Committed Greens claim that the twin phaseout would not have been a problem had Germany pressed ahead with developing wind and solar energy to achieve green energy autonomy. If anything, they say, the need to ensure energy security is an argument for, not against, Germany’s renewables-based strategy.

This view is debatable. Despite the fact that turbines and photovoltaic panels now dot much of the landscape, in 2021 the share of wind and solar power in Germany’s total final energy consumption, which includes heating, industrial processing, and traffic, was a meager 6.7%. And while wind and solar generated 29% of the country’s electricity output, electricity itself accounted for only about a fifth of its final energy consumption. Germany would not have come close to achieving energy autonomy even if the renewables sector had expanded at twice the speed that it did.

The Green argument also overlooks the fact that the planned scaling of wind and solar-based energy supply must always be complemented by adjustable conventional electricity production, given that storage solutions are difficult and extremely expensive. This power is fed into the grid when wind and sun do not produce enough energy, and can ensure that the economy is not disrupted during a protracted wind and solar lull.

In other words, green energy cannot really end Germany’s reliance on gas imports after the twin phaseout. Germany’s only climate-neutral path to energy self-sufficiency would require it to invest again in nuclear energy.

Even those in Germany who are more optimistic about the potential of wind and solar energy should admit that, in the short term, ending Russian gas imports in an effort to squeeze Putin would also stifle the German economy. It is simply impossible for Germany to import the required natural gas from other sources fast enough. There is no excess supply in the European market, and other countries, including Italy and Austria, are in a very similar, if not worse, position. Germany has no liquefied natural gas terminals, and LNG facilities elsewhere in Europe lack the necessary capacity to replace Russian deliveries. Moreover, the capacity of existing intra-European gas pipelines is too low.

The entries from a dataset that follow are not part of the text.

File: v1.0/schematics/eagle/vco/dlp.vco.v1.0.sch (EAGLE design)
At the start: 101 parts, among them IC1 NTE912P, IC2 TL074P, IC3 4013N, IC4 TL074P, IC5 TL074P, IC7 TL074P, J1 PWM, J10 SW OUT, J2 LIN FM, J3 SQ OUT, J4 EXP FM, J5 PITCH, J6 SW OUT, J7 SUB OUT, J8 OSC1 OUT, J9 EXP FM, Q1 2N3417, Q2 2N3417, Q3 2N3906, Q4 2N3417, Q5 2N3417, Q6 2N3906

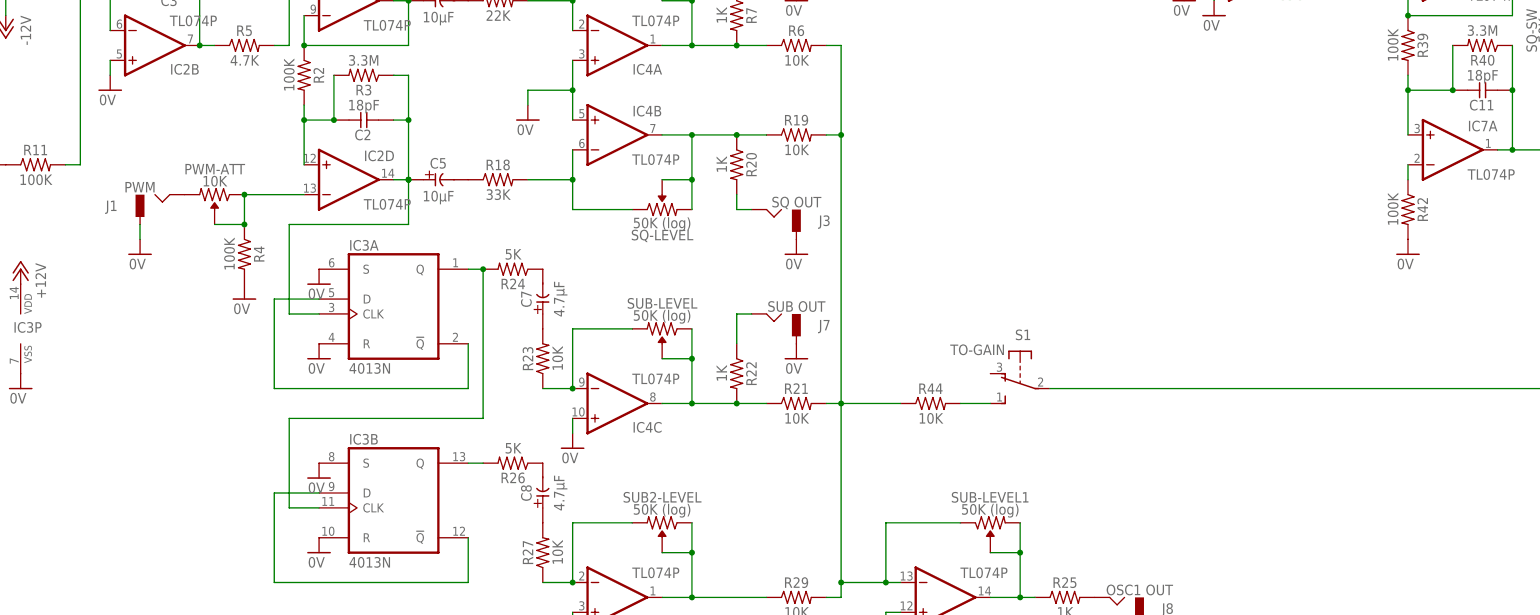
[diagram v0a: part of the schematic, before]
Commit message: Changed PWM on OSC1. Added PWM Knob to OSC2 Updated resistor value on OSC1 SQ wave.
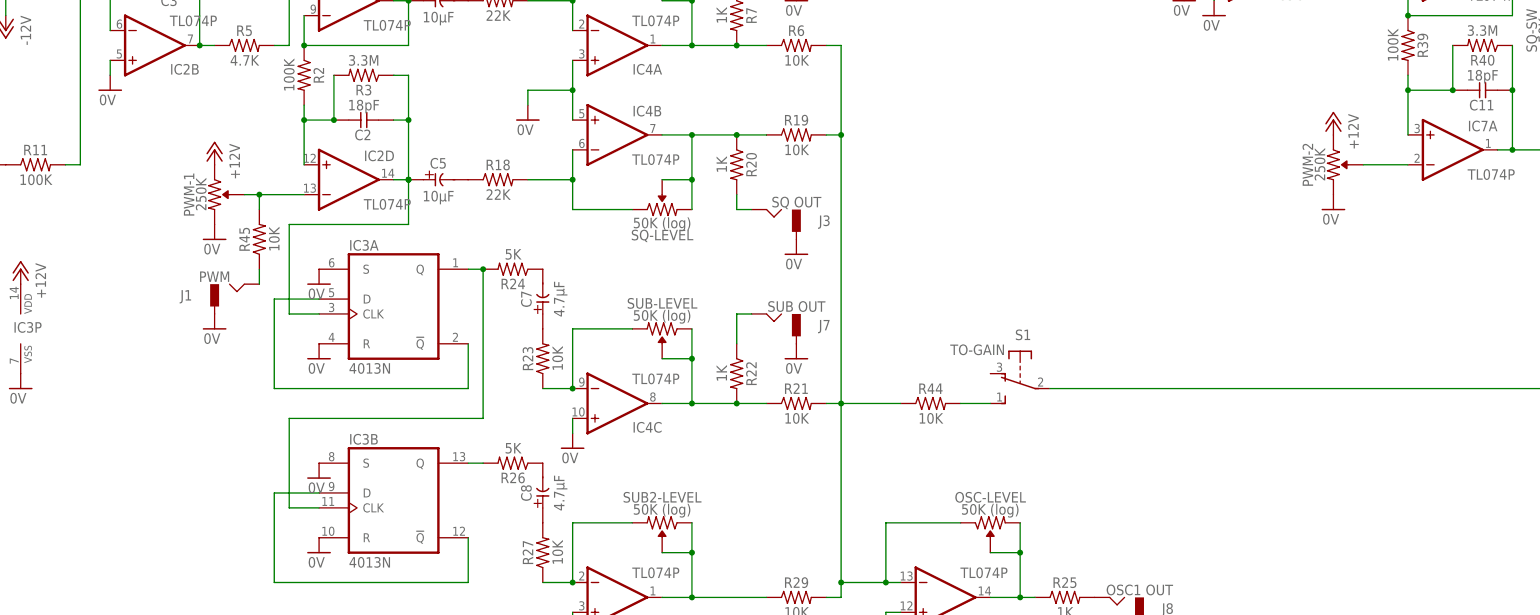
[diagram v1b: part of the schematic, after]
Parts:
- removed R4, R42: 100K, _common:R0309/10
- added PWM-2: 250K, _common:R-VAR
- added R45: 10K, _common:R0309/10
- PWM-1: value 10K -> 250K
- R18: value 33K -> 22K
- renumbered PWM-ATT to PWM-1, SUB-LEVEL1 to OSC-LEVEL
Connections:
- removed net N$71: IC7A.-IN, R42.1
- new net N$46: IC7A.-IN, PWM-2.P$1
- net +12V: now also PWM-1.1, PWM-2.1
- net 0V: now also PWM-1.2, PWM-2.2; no longer R4.2, R42.2
- net N$10: now also IC2D.-IN, PWM-1.P$1, R45.2; no longer J1.HOT, PWM-1.2
- net N$8: now also J1.HOT, R45.1; no longer IC2D.-IN, PWM-1.1, PWM-1.P$1, R4.1
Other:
- moved on the sheet: J1
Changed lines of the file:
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@@
 <setting verticaltext="up"/>
 </settings>
-<grid distance="0.1" unitdist="inch" unit="inch" style="lines" multiple="1" display="yes" altdistance="0.01" altunitdist="inch" altunit="inch"/>
+<grid distance="0.1" unitdist="inch" unit="inch" style="lines" multiple="1" display="no" altdistance="0.01" altunitdist="inch" altunit="inch"/>
 <layers>
 <layer number="1" name="Top" color="4" fill="1" visible="no" active="no"/>
@@
 <part name="R3" library="_common" deviceset="R" device="0309/10" value="3.3M"/>
 <part name="J1" library="_common" deviceset="JACK-M" device="" value="PWM"/>
-<part name="PWM-ATT" library="_common" deviceset="R-VAR" device="" value="10K"/>
-<part name="R4" library="_common" deviceset="R" device="0309/10" value="100K"/>
-<part name="GND5" library="supply1" deviceset="0V" device=""/>
+<part name="PWM-1" library="_common" deviceset="R-VAR" device="" value="250K"/>
 <part name="R5" library="_common" deviceset="R" device="0309/10" value="4.7K"/>
 <part name="C3" library="_common" deviceset="CC-US" device="025-024X044" value="100pF"/>
@@
 <part name="C6" library="_common" deviceset="CE-US" device="E2-5" value="10μF"/>
 <part name="R17" library="_common" deviceset="R" device="0309/10" value="22K"/>
-<part name="R18" library="_common" deviceset="R" device="0309/10" value="33K"/>
+<part name="R18" library="_common" deviceset="R" device="0309/10" value="22K"/>
 <part name="IC4" library="_common" deviceset="TL074" device="P"/>
 <part name="P+6" library="supply1" deviceset="+12V" device=""/>
@@
 <part name="GND18" library="supply1" deviceset="0V" device=""/>
 <part name="GND19" library="supply1" deviceset="0V" device=""/>
-<part name="SUB-LEVEL1" library="_common" deviceset="R-VAR" device="" value="50K (log)"/>
+<part name="OSC-LEVEL" library="_common" deviceset="R-VAR" device="" value="50K (log)"/>
 <part name="R25" library="_common" deviceset="R" device="0309/10" value="1K"/>
 <part name="J8" library="_common" deviceset="JACK-M" device="" value="OSC1 OUT"/>
@@
 <part name="C12" library="_common" deviceset="CE-US" device="E2-5" value="10μF"/>
 <part name="R41" library="_common" deviceset="R" device="0309/10" value="22K"/>
-<part name="R42" library="_common" deviceset="R" device="0309/10" value="100K"/>
-<part name="GND36" library="supply1" deviceset="0V" device=""/>
 <part name="SQ-SW" library="_common" deviceset="R-VAR" device="" value="50K"/>
 <part name="SW-LEVEL1" library="_common" deviceset="R-VAR" device="" value="OSC2-LEVEL"/>
@@
 <part name="P+12" library="supply1" deviceset="+12V" device=""/>
 <part name="P-7" library="supply1" deviceset="-12V" device=""/>
+<part name="P+13" library="supply1" deviceset="+12V" device=""/>
+<part name="GND39" library="supply1" deviceset="0V" device=""/>
+<part name="R45" library="_common" deviceset="R" device="0309/10" value="10K"/>
+<part name="PWM-2" library="_common" deviceset="R-VAR" device="" value="250K"/>
+<part name="P+14" library="supply1" deviceset="+12V" device=""/>
+<part name="GND40" library="supply1" deviceset="0V" device=""/>
 </parts>
 <sheets>
@@
 <instance part="IC2" gate="C" x="30.48" y="25.4"/>
 <instance part="IC2" gate="D" x="30.48" y="-5.08"/>
-<instance part="GND4" gate="1" x="-5.08" y="-17.78"/>
+<instance part="GND4" gate="1" x="7.62" y="-30.48"/>
 <instance part="R2" gate="G$1" x="22.86" y="12.7" rot="R270"/>
 <instance part="C2" gate="G$1" x="33.02" y="5.08" rot="R90"/>
 <instance part="R3" gate="G$1" x="33.02" y="12.7" rot="R180"/>
-<instance part="J1" gate="G$1" x="-2.54" y="-10.16"/>
-<instance part="PWM-ATT" gate="G$1" x="7.62" y="-7.62" rot="R180"/>
-<instance part="R4" gate="G$1" x="12.7" y="-17.78" rot="R270"/>
-<instance part="GND5" gate="1" x="12.7" y="-25.4"/>
+<instance part="J1" gate="G$1" x="10.16" y="-25.4"/>
+<instance part="PWM-1" gate="G$1" x="7.62" y="-7.62" rot="R270"/>
 <instance part="R5" gate="G$1" x="12.7" y="17.78"/>
 <instance part="C3" gate="G$1" x="0" y="27.94" rot="R90"/>
@@
 <instance part="GND18" gate="1" x="68.58" y="-50.8"/>
 <instance part="GND19" gate="1" x="121.92" y="-83.82" rot="MR0"/>
-<instance part="SUB-LEVEL1" gate="G$1" x="139.7" y="-63.5" rot="MR180"/>
+<instance part="OSC-LEVEL" gate="G$1" x="139.7" y="-63.5" rot="MR180"/>
 <instance part="R25" gate="G$1" x="152.4" y="-76.2"/>
 <instance part="J8" gate="G$1" x="162.56" y="-78.74" rot="MR0"/>
@@
 <instance part="C12" gate="G$1" x="246.38" y="20.32" rot="MR270"/>
 <instance part="R41" gate="G$1" x="256.54" y="20.32"/>
-<instance part="R42" gate="G$1" x="210.82" y="-10.16" rot="R270"/>
-<instance part="GND36" gate="1" x="210.82" y="-17.78"/>
 <instance part="SQ-SW" gate="G$1" x="236.22" y="20.32" rot="R270"/>
 <instance part="SW-LEVEL1" gate="G$1" x="274.32" y="30.48" rot="R180"/>
@@
 <instance part="IC1" gate="C" x="193.04" y="81.28" rot="MR90"/>
 <instance part="IC1" gate="D" x="218.44" y="81.28" rot="R90"/>
+<instance part="P+13" gate="1" x="7.62" y="0" rot="MR0"/>
+<instance part="GND39" gate="1" x="7.62" y="-15.24"/>
+<instance part="R45" gate="G$1" x="15.24" y="-15.24" rot="R90"/>
+<instance part="PWM-2" gate="G$1" x="198.12" y="-2.54" rot="R270"/>
+<instance part="P+14" gate="1" x="198.12" y="5.08" rot="MR0"/>
+<instance part="GND40" gate="1" x="198.12" y="-10.16"/>
 </instances>
 <busses>
@@
 </segment>
 <segment>
-<pinref part="R4" gate="G$1" pin="2"/>
-<pinref part="GND5" gate="1" pin="0V"/>
-</segment>
-<segment>
 <pinref part="J1" gate="G$1" pin="GND"/>
 <pinref part="GND4" gate="1" pin="0V"/>
-<wire x1="-5.08" y1="-15.24" x2="-5.08" y2="-12.7" width="0.1524" layer="91"/>
 </segment>
 <segment>
@@
 </segment>
 <segment>
-<pinref part="R42" gate="G$1" pin="2"/>
-<pinref part="GND36" gate="1" pin="0V"/>
-</segment>
-<segment>
 <pinref part="IC7" gate="B" pin="+IN"/>
 <pinref part="GND37" gate="1" pin="0V"/>
@@
 <pinref part="J10" gate="G$1" pin="GND"/>
 <pinref part="GND38" gate="1" pin="0V"/>
+</segment>
+<segment>
+<pinref part="PWM-1" gate="G$1" pin="2"/>
+<pinref part="GND39" gate="1" pin="0V"/>
+</segment>
+<segment>
+<pinref part="PWM-2" gate="G$1" pin="2"/>
+<pinref part="GND40" gate="1" pin="0V"/>
 </segment>
 </net>
@@
 <pinref part="IC7" gate="P" pin="V+"/>
 <pinref part="P+12" gate="1" pin="+12V"/>
+</segment>
+<segment>
+<pinref part="PWM-1" gate="G$1" pin="1"/>
+<pinref part="P+13" gate="1" pin="+12V"/>
+</segment>
+<segment>
+<pinref part="PWM-2" gate="G$1" pin="1"/>
+<pinref part="P+14" gate="1" pin="+12V"/>
 </segment>
 </net>
@@
 </segment>
 </net>
-<net name="N$8" class="0">
-<segment>
-<pinref part="PWM-ATT" gate="G$1" pin="P$1"/>
-<pinref part="R4" gate="G$1" pin="1"/>
-<wire x1="7.62" y1="-12.7" x2="12.7" y2="-12.7" width="0.1524" layer="91"/>
-<pinref part="IC2" gate="D" pin="-IN"/>
-<wire x1="12.7" y1="-12.7" x2="12.7" y2="-7.62" width="0.1524" layer="91"/>
-<junction x="12.7" y="-12.7"/>
-<pinref part="PWM-ATT" gate="G$1" pin="1"/>
-<junction x="12.7" y="-7.62"/>
-<wire x1="12.7" y1="-7.62" x2="22.86" y2="-7.62" width="0.1524" layer="91"/>
-</segment>
-</net>
-<net name="N$10" class="0">
-<segment>
-<pinref part="PWM-ATT" gate="G$1" pin="2"/>
-<pinref part="J1" gate="G$1" pin="HOT"/>
-</segment>
-</net>
 <net name="N$11" class="0">
 <segment>
@@
 <segment>
 <pinref part="IC4" gate="D" pin="OUT"/>
-<pinref part="SUB-LEVEL1" gate="G$1" pin="P$1"/>
+<pinref part="OSC-LEVEL" gate="G$1" pin="P$1"/>
 <wire x1="139.7" y1="-68.58" x2="144.78" y2="-68.58" width="0.1524" layer="91"/>
-<pinref part="SUB-LEVEL1" gate="G$1" pin="2"/>
+<pinref part="OSC-LEVEL" gate="G$1" pin="2"/>
 <wire x1="144.78" y1="-63.5" x2="144.78" y2="-68.58" width="0.1524" layer="91"/>
 <pinref part="R25" gate="G$1" pin="1"/>
@@
 <junction x="228.6" y="10.16"/>
 <junction x="228.6" y="0"/>
-</segment>
-</net>
-<net name="N$71" class="0">
-<segment>
-<pinref part="IC7" gate="A" pin="-IN"/>
-<pinref part="R42" gate="G$1" pin="1"/>
-<wire x1="210.82" y1="-2.54" x2="210.82" y2="-5.08" width="0.1524" layer="91"/>
 </segment>
 </net>
@@
 <wire x1="114.3" y1="-76.2" x2="114.3" y2="-73.66" width="0.1524" layer="91"/>
 <pinref part="IC4" gate="D" pin="-IN"/>
-<pinref part="SUB-LEVEL1" gate="G$1" pin="1"/>
+<pinref part="OSC-LEVEL" gate="G$1" pin="1"/>
 <wire x1="121.92" y1="-63.5" x2="134.62" y2="-63.5" width="0.1524" layer="91"/>
 <wire x1="121.92" y1="-63.5" x2="121.92" y2="-73.66" width="0.1524" layer="91"/>
@@
 </segment>
 </net>
+<net name="N$8" class="0">
+<segment>
+<pinref part="J1" gate="G$1" pin="HOT"/>
+<pinref part="R45" gate="G$1" pin="1"/>
+<wire x1="15.24" y1="-22.86" x2="15.24" y2="-20.32" width="0.1524" layer="91"/>
+</segment>
+</net>
+<net name="N$10" class="0">
+<segment>
+<pinref part="PWM-1" gate="G$1" pin="P$1"/>
+<pinref part="IC2" gate="D" pin="-IN"/>
+<wire x1="12.7" y1="-7.62" x2="15.24" y2="-7.62" width="0.1524" layer="91"/>
+<pinref part="R45" gate="G$1" pin="2"/>
+<wire x1="15.24" y1="-7.62" x2="22.86" y2="-7.62" width="0.1524" layer="91"/>
+<wire x1="15.24" y1="-10.16" x2="15.24" y2="-7.62" width="0.1524" layer="91"/>
+<junction x="15.24" y="-7.62"/>
+</segment>
+</net>
+<net name="N$46" class="0">
+<segment>
+<pinref part="PWM-2" gate="G$1" pin="P$1"/>
+<pinref part="IC7" gate="A" pin="-IN"/>
+<wire x1="203.2" y1="-2.54" x2="210.82" y2="-2.54" width="0.1524" layer="91"/>
+</segment>
+</net>

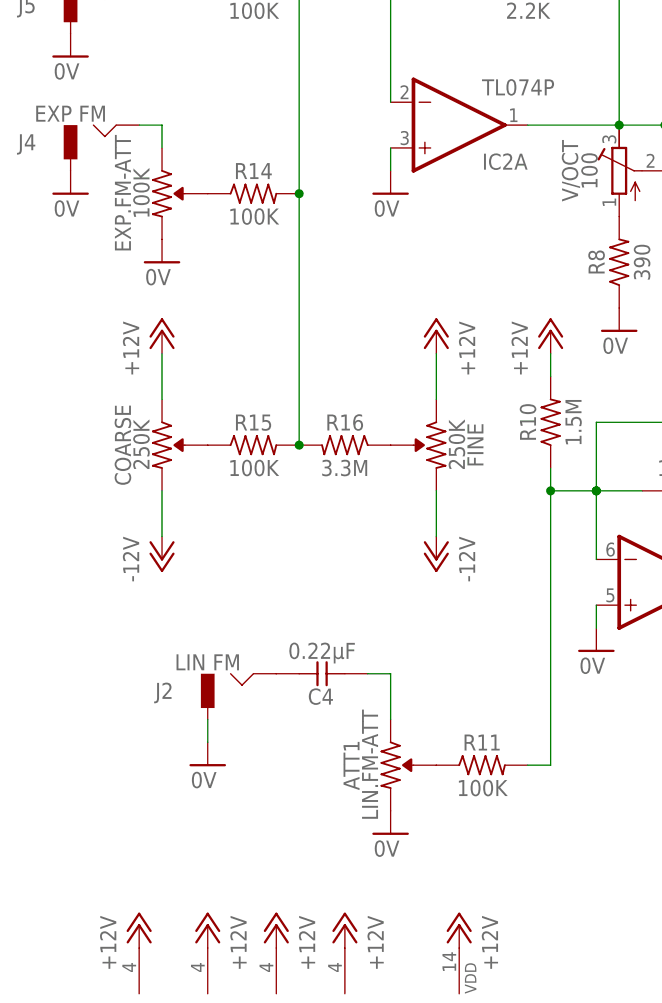
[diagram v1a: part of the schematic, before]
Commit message: Updated vco with correct pot values Updated vcf with new values and added in manual CV control.
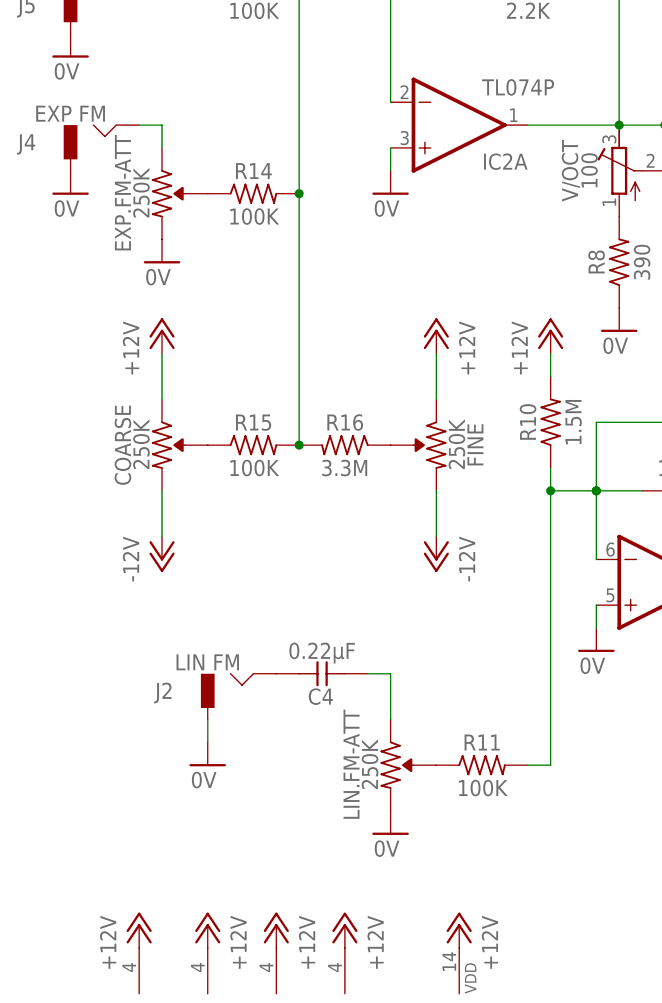
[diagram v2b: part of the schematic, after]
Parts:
- EXP.FM-ATT: value 100K -> 250K
- LIN.FM-ATT: value LIN.FM-ATT -> 250K
- renumbered ATT1 to LIN.FM-ATT
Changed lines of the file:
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@@
 <?xml version="1.0" encoding="utf-8"?>
 <!DOCTYPE eagle SYSTEM "eagle.dtd">
-<eagle version="6.1">
+<eagle version="6.5.0">
 <drawing>
 <settings>
@@
 <part name="P+2" library="supply1" deviceset="+12V" device=""/>
 <part name="R11" library="_common" deviceset="R" device="0309/10" value="100K"/>
-<part name="ATT1" library="_common" deviceset="R-VAR" device="" value="LIN.FM-ATT"/>
+<part name="LIN.FM-ATT" library="_common" deviceset="R-VAR" device="" value="250K"/>
 <part name="C4" library="_common" deviceset="CC-US" device="025-024X044" value="0.22μF"/>
 <part name="J2" library="_common" deviceset="JACK-M" device="" value="LIN FM"/>
@@
 <part name="FINE" library="_common" deviceset="R-VAR" device="" value="250K"/>
 <part name="COARSE" library="_common" deviceset="R-VAR" device="" value="250K"/>
-<part name="EXP.FM-ATT" library="_common" deviceset="R-VAR" device="" value="100K"/>
+<part name="EXP.FM-ATT" library="_common" deviceset="R-VAR" device="" value="250K"/>
 <part name="J4" library="_common" deviceset="JACK-M" device="" value="EXP FM"/>
 <part name="J5" library="_common" deviceset="JACK-M" device="" value="PITCH"/>
@@
 <instance part="P+2" gate="1" x="-15.24" y="45.72"/>
 <instance part="R11" gate="G$1" x="-22.86" y="-2.54"/>
-<instance part="ATT1" gate="G$1" x="-33.02" y="-2.54" rot="R270"/>
+<instance part="LIN.FM-ATT" gate="G$1" x="-33.02" y="-2.54" rot="R270"/>
 <instance part="C4" gate="G$1" x="-40.64" y="7.62" rot="R90"/>
 <instance part="J2" gate="G$1" x="-50.8" y="5.08"/>
@@
 </segment>
 <segment>
-<pinref part="ATT1" gate="G$1" pin="2"/>
+<pinref part="LIN.FM-ATT" gate="G$1" pin="2"/>
 <pinref part="GND9" gate="1" pin="0V"/>
 </segment>
@@
 <segment>
 <pinref part="R11" gate="G$1" pin="1"/>
-<pinref part="ATT1" gate="G$1" pin="P$1"/>
+<pinref part="LIN.FM-ATT" gate="G$1" pin="P$1"/>
 </segment>
 </net>
 <net name="N$19" class="0">
 <segment>
-<pinref part="ATT1" gate="G$1" pin="1"/>
+<pinref part="LIN.FM-ATT" gate="G$1" pin="1"/>
 <pinref part="C4" gate="G$1" pin="2"/>
 <wire x1="-35.56" y1="7.62" x2="-33.02" y2="7.62" width="0.1524" layer="91"/>

If Germany suddenly halted Russian gas imports, gas-based residential heating systems – on which half the German population, approximately 40 million people, rely – and industrial processes that rely heavily on gas imports would break down before replacement energy became available. The government would be unlikely to survive the resulting economic chaos, public uproar, and outrage should gas become unavailable or heating costs rise dramatically. In fact, the likely scale of domestic disruption would call into question the cohesion of the Western response to the Ukraine war.

Only in the longer term, say, 3-5 years, will German LNG terminals be able to replace Russian deliveries with gas from other parts of the world. But by then, Russia will be building new pipelines to China, India, and other Asian countries that will eagerly purchase and burn the gas that Germany releases.